Various methods have been described for derivatizing phospholipids to facilitate their conjugation with other molecules or moieties (for review, see Heath, T. D. and F. J. Martin, Chemistry and Physics of Lipids 1986, 40, pp 347-358). However, each of these methods suffers from various difficulties in practical application. For example, one method comprises glutaraldehyde activation of phosphatidylethanolamine and ultimate conjugation to amines by reductive amination. The problem of dimerization both between the phospholipids and between proteins has made this method less than ideal. An alternative method comprises amide formation between phosphatidylethanolamine and the carboxyl terminus of a peptide or protein. However, this method suffers from low yields and formation of byproducts.

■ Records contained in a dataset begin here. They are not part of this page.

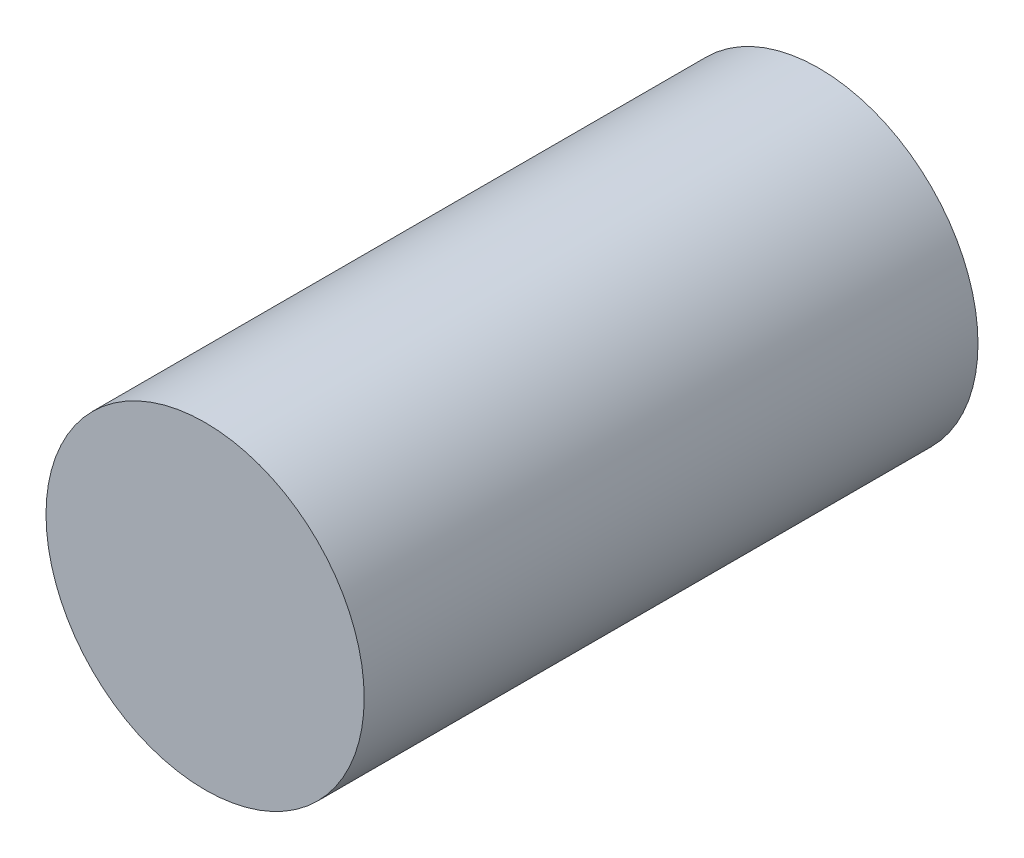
from build123d import *

# Parameters (mm, degrees)
ESQUISSE1_R          = 5
BASE_EXTRUSION_DEPTH = 19.29


with BuildPart() as part:
    # Esquisse1 → Base-Extrusion (new body)
    with BuildSketch(Plane.XY):
        with Locations((-50, 50)):
            Circle(ESQUISSE1_R)
    extrude(amount=BASE_EXTRUSION_DEPTH)


solid = part.part

In yet another approach, the phospholipid and the protein are first activated and then reacted to form the conjugate. For example, Hutchinson et. al. describe a method in which a phosphatidylethanolamine is activated with N-succinimidyl-S-acetyl-thioacetate (SATA) and treated with a hydroxylamine to yield a phospholipid-thiol derivative. The protein of interest is also activated with maleimide and then treated with the phospholipid derivative to form a stable conjugate via a thioether (Hutchinson et. al., FEBS Lett. 1986, 234, pp 493-6). In a variation of this protocol, the phosphatidylethanolamine is activated with a maleimido moiety and the lysine residue of a protein is activated with a protected thiol (Loughrey, H. C. et. al., J. Immun. Methods 1990, 132, pp 25-35). In practice, protocols employing these approaches are cumbersome to perform and the cost of the derivatizing agent is prohibitively expensive for scales above multigram quantities.
Phospholipid conjugates have also been formed by functionalizing phosphatidylethanolamine using a crosslinking reagent (e.g. dithiobis(succinimidyl propionate)) and reacting this intermediate with a lysine-containing protein so that the succinimidyl moiety is displaced by the amino group of the lysine residue (Afzelius, P., Biochem. Biophys. Acta 1989, 979, pp 231-8). However, crosslinking reagents are not economically feasible for producing phospholipid conjugates, particularly on a large scale. In yet another method, phosphatidylethanolamine may be coupled to glycosylated proteins via the protein carbohydrate chain. For example, glycans can be oxidized with sodium periodate to give reactive aldehydes which can then be coupled to phosphatidylethanolamine via reductive amination with sodium cyanoborohydride (Heath, T. et. al., Biochim. Biophys. Acta 1980, 599:42). This method is limited in its application only to glycoproteins and is often associated with low yields and byproduct formation.
None of the heretofore described methods offer a simple, generally applicable, efficient and economical (i.e. practical) means for generating phospholipid conjugates.